To work with the Swiss Model server, we first need to create an account. After providing an e-mail address the password will be sent back to the same email. Modeling and other results will be saved at “My Workspace” for later use and can be accessed again for a week or so by login in to “My Workspace” (link is found in the Modeling menu).
The sequence of the protein to be modeled (or just UniProt entry code) can be fetched as we did in the sequence alignment tutorial. Then we just paste it into the template identification window and wait for the server to run the Blast search. The Blast search will be run against the sequences of known protein structures from the ExPDB, the SwissModel template library. It is derived from PDB entries, after excluding predicted (theoretical) structures and structures containing only C-alpha atoms. PDB coordinate files that contain two or more chains (subunits) are usually distinguished by the so-called chain identifier (discussed in the PDB section).

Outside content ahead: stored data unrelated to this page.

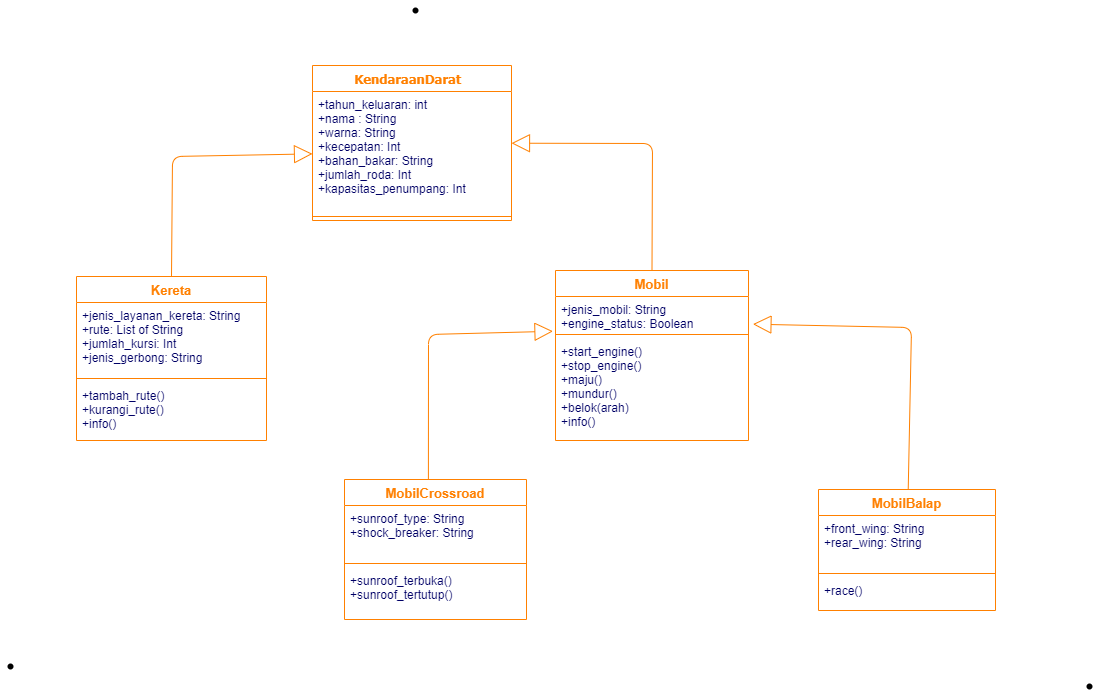

The diagram above was exported from draw.io. Its source (the exported page's mxGraphModel, read from the mxfile embedded in the PNG):
<mxGraphModel dx="1059" dy="1446" grid="0" gridSize="10" guides="1" tooltips="1" connect="1" arrows="1" fold="1" page="1" pageScale="1" pageWidth="1169" pageHeight="827" math="0" shadow="0">
  <root>
    <mxCell id="0" />
    <mxCell id="1" parent="0" />
    <mxCell id="41fe28ffb9dbdb2c-1" value="MobilCrossroad" style="swimlane;fontStyle=1;align=center;verticalAlign=top;childLayout=stackLayout;horizontal=1;startSize=26;horizontalStack=0;resizeParent=1;resizeParentMax=0;resizeLast=0;collapsible=1;marginBottom=0;swimlaneFillColor=#ffffff;strokeColor=#FF8000;strokeWidth=1;fillColor=none;fontSize=13;fontColor=#FF8000;" parent="1" vertex="1">
      <mxGeometry x="453" y="416" width="182" height="140" as="geometry">
        <mxRectangle x="10" y="120" width="60" height="26" as="alternateBounds" />
      </mxGeometry>
    </mxCell>
    <mxCell id="41fe28ffb9dbdb2c-2" value="+sunroof_type: String&#10;+shock_breaker: String" style="text;strokeColor=none;fillColor=none;align=left;verticalAlign=top;spacingLeft=4;spacingRight=4;overflow=hidden;rotatable=0;points=[[0,0.5],[1,0.5]];portConstraint=eastwest;fontColor=#000066;" parent="41fe28ffb9dbdb2c-1" vertex="1">
      <mxGeometry y="26" width="182" height="54" as="geometry" />
    </mxCell>
    <mxCell id="41fe28ffb9dbdb2c-3" value="" style="line;strokeWidth=1;fillColor=none;align=left;verticalAlign=middle;spacingTop=-1;spacingLeft=3;spacingRight=3;rotatable=0;labelPosition=right;points=[];portConstraint=eastwest;fontColor=#000066;strokeColor=#FF8000;" parent="41fe28ffb9dbdb2c-1" vertex="1">
      <mxGeometry y="80" width="182" height="8" as="geometry" />
    </mxCell>
    <mxCell id="41fe28ffb9dbdb2c-4" value="+sunroof_terbuka() &#10;+sunroof_tertutup()" style="text;strokeColor=none;fillColor=none;align=left;verticalAlign=top;spacingLeft=4;spacingRight=4;overflow=hidden;rotatable=0;points=[[0,0.5],[1,0.5]];portConstraint=eastwest;fontColor=#000066;" parent="41fe28ffb9dbdb2c-1" vertex="1">
      <mxGeometry y="88" width="182" height="52" as="geometry" />
    </mxCell>
    <mxCell id="41fe28ffb9dbdb2c-18" value="MobilBalap" style="swimlane;fontStyle=1;align=center;verticalAlign=top;childLayout=stackLayout;horizontal=1;startSize=26;horizontalStack=0;resizeParent=1;resizeParentMax=0;resizeLast=0;collapsible=1;marginBottom=0;swimlaneFillColor=#ffffff;strokeColor=#FF8000;strokeWidth=1;fillColor=none;fontSize=13;fontColor=#FF8000;" parent="1" vertex="1">
      <mxGeometry x="927" y="426" width="177" height="121" as="geometry" />
    </mxCell>
    <mxCell id="41fe28ffb9dbdb2c-19" value="+front_wing: String&#10;+rear_wing: String" style="text;strokeColor=none;fillColor=none;align=left;verticalAlign=top;spacingLeft=4;spacingRight=4;overflow=hidden;rotatable=0;points=[[0,0.5],[1,0.5]];portConstraint=eastwest;fontColor=#000066;" parent="41fe28ffb9dbdb2c-18" vertex="1">
      <mxGeometry y="26" width="177" height="54" as="geometry" />
    </mxCell>
    <mxCell id="41fe28ffb9dbdb2c-20" value="" style="line;strokeWidth=1;fillColor=none;align=left;verticalAlign=middle;spacingTop=-1;spacingLeft=3;spacingRight=3;rotatable=0;labelPosition=right;points=[];portConstraint=eastwest;fontColor=#000066;strokeColor=#FF8000;" parent="41fe28ffb9dbdb2c-18" vertex="1">
      <mxGeometry y="80" width="177" height="8" as="geometry" />
    </mxCell>
    <mxCell id="41fe28ffb9dbdb2c-21" value="+race()" style="text;strokeColor=none;fillColor=none;align=left;verticalAlign=top;spacingLeft=4;spacingRight=4;overflow=hidden;rotatable=0;points=[[0,0.5],[1,0.5]];portConstraint=eastwest;fontColor=#000066;" parent="41fe28ffb9dbdb2c-18" vertex="1">
      <mxGeometry y="88" width="177" height="33" as="geometry" />
    </mxCell>
    <mxCell id="41fe28ffb9dbdb2c-22" value="Kereta" style="swimlane;fontStyle=1;align=center;verticalAlign=top;childLayout=stackLayout;horizontal=1;startSize=26;horizontalStack=0;resizeParent=1;resizeParentMax=0;resizeLast=0;collapsible=1;marginBottom=0;swimlaneFillColor=#ffffff;strokeColor=#FF8000;strokeWidth=1;fillColor=none;fontSize=13;fontColor=#FF8000;" parent="1" vertex="1">
      <mxGeometry x="185" y="213" width="190" height="164" as="geometry" />
    </mxCell>
    <mxCell id="41fe28ffb9dbdb2c-23" value="+jenis_layanan_kereta: String&#10;+rute: List of String&#10;+jumlah_kursi: Int&#10;+jenis_gerbong: String" style="text;strokeColor=none;fillColor=none;align=left;verticalAlign=top;spacingLeft=4;spacingRight=4;overflow=hidden;rotatable=0;points=[[0,0.5],[1,0.5]];portConstraint=eastwest;fontColor=#000066;" parent="41fe28ffb9dbdb2c-22" vertex="1">
      <mxGeometry y="26" width="190" height="72" as="geometry" />
    </mxCell>
    <mxCell id="41fe28ffb9dbdb2c-24" value="" style="line;strokeWidth=1;fillColor=none;align=left;verticalAlign=middle;spacingTop=-1;spacingLeft=3;spacingRight=3;rotatable=0;labelPosition=right;points=[];portConstraint=eastwest;fontColor=#000066;strokeColor=#FF8000;" parent="41fe28ffb9dbdb2c-22" vertex="1">
      <mxGeometry y="98" width="190" height="8" as="geometry" />
    </mxCell>
    <mxCell id="41fe28ffb9dbdb2c-25" value="+tambah_rute()&#10;+kurangi_rute()&#10;+info()" style="text;strokeColor=none;fillColor=none;align=left;verticalAlign=top;spacingLeft=4;spacingRight=4;overflow=hidden;rotatable=0;points=[[0,0.5],[1,0.5]];portConstraint=eastwest;fontColor=#000066;" parent="41fe28ffb9dbdb2c-22" vertex="1">
      <mxGeometry y="106" width="190" height="58" as="geometry" />
    </mxCell>
    <mxCell id="41fe28ffb9dbdb2c-26" value="Mobil" style="swimlane;fontStyle=1;align=center;verticalAlign=top;childLayout=stackLayout;horizontal=1;startSize=26;horizontalStack=0;resizeParent=1;resizeParentMax=0;resizeLast=0;collapsible=1;marginBottom=0;swimlaneFillColor=#ffffff;strokeColor=#FF8000;strokeWidth=1;fillColor=none;fontSize=13;fontColor=#FF8000;" parent="1" vertex="1">
      <mxGeometry x="664" y="207" width="193" height="170" as="geometry" />
    </mxCell>
    <mxCell id="41fe28ffb9dbdb2c-27" value="+jenis_mobil: String&#10;+engine_status: Boolean" style="text;strokeColor=none;fillColor=none;align=left;verticalAlign=top;spacingLeft=4;spacingRight=4;overflow=hidden;rotatable=0;points=[[0,0.5],[1,0.5]];portConstraint=eastwest;fontColor=#000066;" parent="41fe28ffb9dbdb2c-26" vertex="1">
      <mxGeometry y="26" width="193" height="34" as="geometry" />
    </mxCell>
    <mxCell id="41fe28ffb9dbdb2c-28" value="" style="line;strokeWidth=1;fillColor=none;align=left;verticalAlign=middle;spacingTop=-1;spacingLeft=3;spacingRight=3;rotatable=0;labelPosition=right;points=[];portConstraint=eastwest;fontColor=#000066;strokeColor=#FF8000;" parent="41fe28ffb9dbdb2c-26" vertex="1">
      <mxGeometry y="60" width="193" height="8" as="geometry" />
    </mxCell>
    <mxCell id="41fe28ffb9dbdb2c-29" value="+start_engine()        &#10;+stop_engine()           &#10;+maju()                  &#10;+mundur()                &#10;+belok(arah)             &#10;+info()  " style="text;strokeColor=none;fillColor=none;align=left;verticalAlign=top;spacingLeft=4;spacingRight=4;overflow=hidden;rotatable=0;points=[[0,0.5],[1,0.5]];portConstraint=eastwest;fontColor=#000066;" parent="41fe28ffb9dbdb2c-26" vertex="1">
      <mxGeometry y="68" width="193" height="102" as="geometry" />
    </mxCell>
    <mxCell id="41fe28ffb9dbdb2c-37" value="" style="endArrow=block;endSize=16;endFill=0;html=1;strokeColor=#FF8000;fontSize=13;fontColor=#000066;exitX=0.5;exitY=0;" parent="1" source="41fe28ffb9dbdb2c-22" target="2743ce97418336eb-2" edge="1">
      <mxGeometry width="160" relative="1" as="geometry">
        <mxPoint x="390" y="237" as="sourcePoint" />
        <mxPoint x="420" y="86" as="targetPoint" />
        <Array as="points">
          <mxPoint x="281" y="93" />
        </Array>
      </mxGeometry>
    </mxCell>
    <mxCell id="41fe28ffb9dbdb2c-38" value="" style="endArrow=block;endSize=16;endFill=0;html=1;strokeColor=#FF8000;fontSize=13;fontColor=#000066;exitX=0.5;exitY=0;" parent="1" source="41fe28ffb9dbdb2c-26" target="2743ce97418336eb-1" edge="1">
      <mxGeometry width="160" relative="1" as="geometry">
        <mxPoint x="265" y="158" as="sourcePoint" />
        <mxPoint x="620" y="86" as="targetPoint" />
        <Array as="points">
          <mxPoint x="761" y="80" />
        </Array>
      </mxGeometry>
    </mxCell>
    <mxCell id="2743ce97418336eb-1" value="KendaraanDarat  " style="swimlane;fontStyle=1;align=center;verticalAlign=top;childLayout=stackLayout;horizontal=1;startSize=26;horizontalStack=0;resizeParent=1;resizeParentMax=0;resizeLast=0;collapsible=1;marginBottom=0;swimlaneFillColor=#ffffff;strokeColor=#FF8000;fillColor=#ffffff;fontFamily=Tahoma;fontSize=13;fontColor=#FF8000;" parent="1" vertex="1">
      <mxGeometry x="421" y="2" width="199" height="155" as="geometry" />
    </mxCell>
    <mxCell id="2743ce97418336eb-2" value="+tahun_keluaran: int&#10;+nama : String&#10;+warna: String&#10;+kecepatan: Int&#10;+bahan_bakar: String&#10;+jumlah_roda: Int&#10;+kapasitas_penumpang: Int&#10;&#10;&#10;" style="text;strokeColor=none;fillColor=none;align=left;verticalAlign=top;spacingLeft=4;spacingRight=4;overflow=hidden;rotatable=0;points=[[0,0.5],[1,0.5]];portConstraint=eastwest;fontColor=#000066;" parent="2743ce97418336eb-1" vertex="1">
      <mxGeometry y="26" width="199" height="121" as="geometry" />
    </mxCell>
    <mxCell id="2743ce97418336eb-3" value="" style="line;strokeWidth=1;fillColor=none;align=left;verticalAlign=middle;spacingTop=-1;spacingLeft=3;spacingRight=3;rotatable=0;labelPosition=right;points=[];portConstraint=eastwest;fontColor=#FF8000;strokeColor=#FF8000;" parent="2743ce97418336eb-1" vertex="1">
      <mxGeometry y="147" width="199" height="8" as="geometry" />
    </mxCell>
    <mxCell id="SlX3njB6SEPGrJ1y9Sjn-2" value="" style="endArrow=block;endSize=16;endFill=0;html=1;strokeColor=#FF8000;fontSize=13;fontColor=#000066;entryX=1.023;entryY=0.814;entryDx=0;entryDy=0;entryPerimeter=0;" edge="1" parent="1" source="41fe28ffb9dbdb2c-18" target="41fe28ffb9dbdb2c-27">
      <mxGeometry width="160" relative="1" as="geometry">
        <mxPoint x="1069" y="386" as="sourcePoint" />
        <mxPoint x="929" y="256" as="targetPoint" />
        <Array as="points">
          <mxPoint x="1020" y="264" />
        </Array>
      </mxGeometry>
    </mxCell>
    <mxCell id="SlX3njB6SEPGrJ1y9Sjn-3" value="" style="endArrow=block;endSize=16;endFill=0;html=1;strokeColor=#FF8000;fontSize=13;fontColor=#000066;entryX=-0.013;entryY=1.023;entryDx=0;entryDy=0;entryPerimeter=0;exitX=0.461;exitY=-0.001;exitDx=0;exitDy=0;exitPerimeter=0;" edge="1" parent="1" source="41fe28ffb9dbdb2c-1" target="41fe28ffb9dbdb2c-27">
      <mxGeometry width="160" relative="1" as="geometry">
        <mxPoint x="488" y="447" as="sourcePoint" />
        <mxPoint x="609" y="319" as="targetPoint" />
        <Array as="points">
          <mxPoint x="537" y="271" />
        </Array>
      </mxGeometry>
    </mxCell>
    <mxCell id="SlX3njB6SEPGrJ1y9Sjn-4" value="" style="shape=waypoint;sketch=0;size=6;pointerEvents=1;points=[];fillColor=none;resizable=0;rotatable=0;perimeter=centerPerimeter;snapToPoint=1;" vertex="1" parent="1">
      <mxGeometry x="1188" y="613" width="20" height="20" as="geometry" />
    </mxCell>
    <mxCell id="SlX3njB6SEPGrJ1y9Sjn-5" value="" style="shape=waypoint;sketch=0;size=6;pointerEvents=1;points=[];fillColor=none;resizable=0;rotatable=0;perimeter=centerPerimeter;snapToPoint=1;" vertex="1" parent="1">
      <mxGeometry x="109" y="593" width="20" height="20" as="geometry" />
    </mxCell>
    <mxCell id="SlX3njB6SEPGrJ1y9Sjn-6" value="" style="shape=waypoint;sketch=0;size=6;pointerEvents=1;points=[];fillColor=none;resizable=0;rotatable=0;perimeter=centerPerimeter;snapToPoint=1;" vertex="1" parent="1">
      <mxGeometry x="514" y="-63" width="20" height="20" as="geometry" />
    </mxCell>
  </root>
</mxGraphModel>

In ExPDB these entries are split into two or more files, depending on the number of chains (usually denoted A, B, C, etc). For example, PDB entry 1cpc contains two chains, A and B. In ExPDB there will be two entries corresponding to this structure: 1cpcA and 1cpcB. Please keep in mind that the Blast run may take some time, all depends on how busy the server is.
As mentioned earlier, it is essential to have an idea on the complexity of the protein homology modeling project before starting the actual modeling. This can be done by making and analyzing a multiple sequence alignment of your protein with some homologues, including the amino acid sequence (or sequences) of the modeling template after it has been identified by the server. As a rule of thumb, a percentage sequence identity above 50% will mean a relatively straightforward modeling, while anything below that will require careful examination of the alignment and further planning. As usual, it is an advantage to include in the alignment a group of homologous sequences from different organisms. One could try to choose 3-4 bacterial and an equal number of eukaryotic sequences. This is required especially if both bacterial and eukaryotic proteins are found among the potential templates. Any large insertions and deletions in the alignment need to ba carefully analyzed and compared to the sequence of the template. Insertions (amino acid segments which are not present in the template) mean regions for which no structure is available in the template and may need to be modeled separately. These regions may potentially contain alignment errors. If these are short loop regions, the server will attempt to model them automatically. Loops may be relatively easy to model, but modeling larger regions is not straightforward.
In cases when there are larger insertions and deletions it is possible to use the “Target-Template Alignment” mode of the server, which lets us submit our own manually adjusted sequence alignment.
Step by step modeling
In this example, we will make a model for the enzyme magnesium chelatase subunit BchI from Cyanobacteria Synechocystis (SWISSPROT entry P51634). The results of the BLAST search are shown below. Please note that the results will be saved in your personal account and can be viewed after loggin in into the account.
The best choice in the list is R. capsulatus BchI (PDB ID 1g8p). The other proteins in the list are of very low resolution (7.5 Å) and originate from electron microscopic (EM) modeling. They are essentially the same protein (1g8p), which has been slightly modified to fit the EM model. Longer in the list are other structures, with sequence identity with our protein in the range of around 20%. They could be of interest since they are members of the AAA+ ATPase family. One could have a closer look at them at some later stage, if the modeling is not satisfactory. They may also shed additional light at the mechanism of magnesium chelatase.
By clicking the down-arrow in the right, we can see the alignment of the target sequence with the template:
Here we may choose to build a model, however, but we first need to examine the sequence alignment to ensure that there are no misplaced insertions and deletions. The CHLI_SYNY3 sequence was actually included in the sequence alignment exercise we made earlier and if we compare the alignments we may see that the largest gap is slightly shifted to the left here. This is probably ok and we can proceed with the modeling. We can always come back to this if we are not satisfied with the model for some reason. The modeling results output looks like this:
Here we should start analyzing the quality of the model. You may notice that the QMEAN value is satisfactory, and if we check the local quality plot we will immediately notice the source of a potential problem (low similarity values) is located in at the beginning of domain 1, which is essentially the position of the insertion shown in the alignment above. The graphics model on the right (not visible in the images above) shows this region in red color. Clicking on the question mark close to QMEAN will open a page with explanation of its meaning. In the model quality part we will have a closer look at these problems.
What would have happened if we would choose the 7.5 Å resolution structure for modeling? Below you can see that model quality is considerably lower, with high QMEAN (-6.48 vs the acceptable -2.65 for the first model) that is due to problems both at the beginning and end of the structure, as can be seen on the local quality plot. In addition, the comparison plot (first on the right) shows that the structure (the red star) is outside the range found for experimental PDB structures.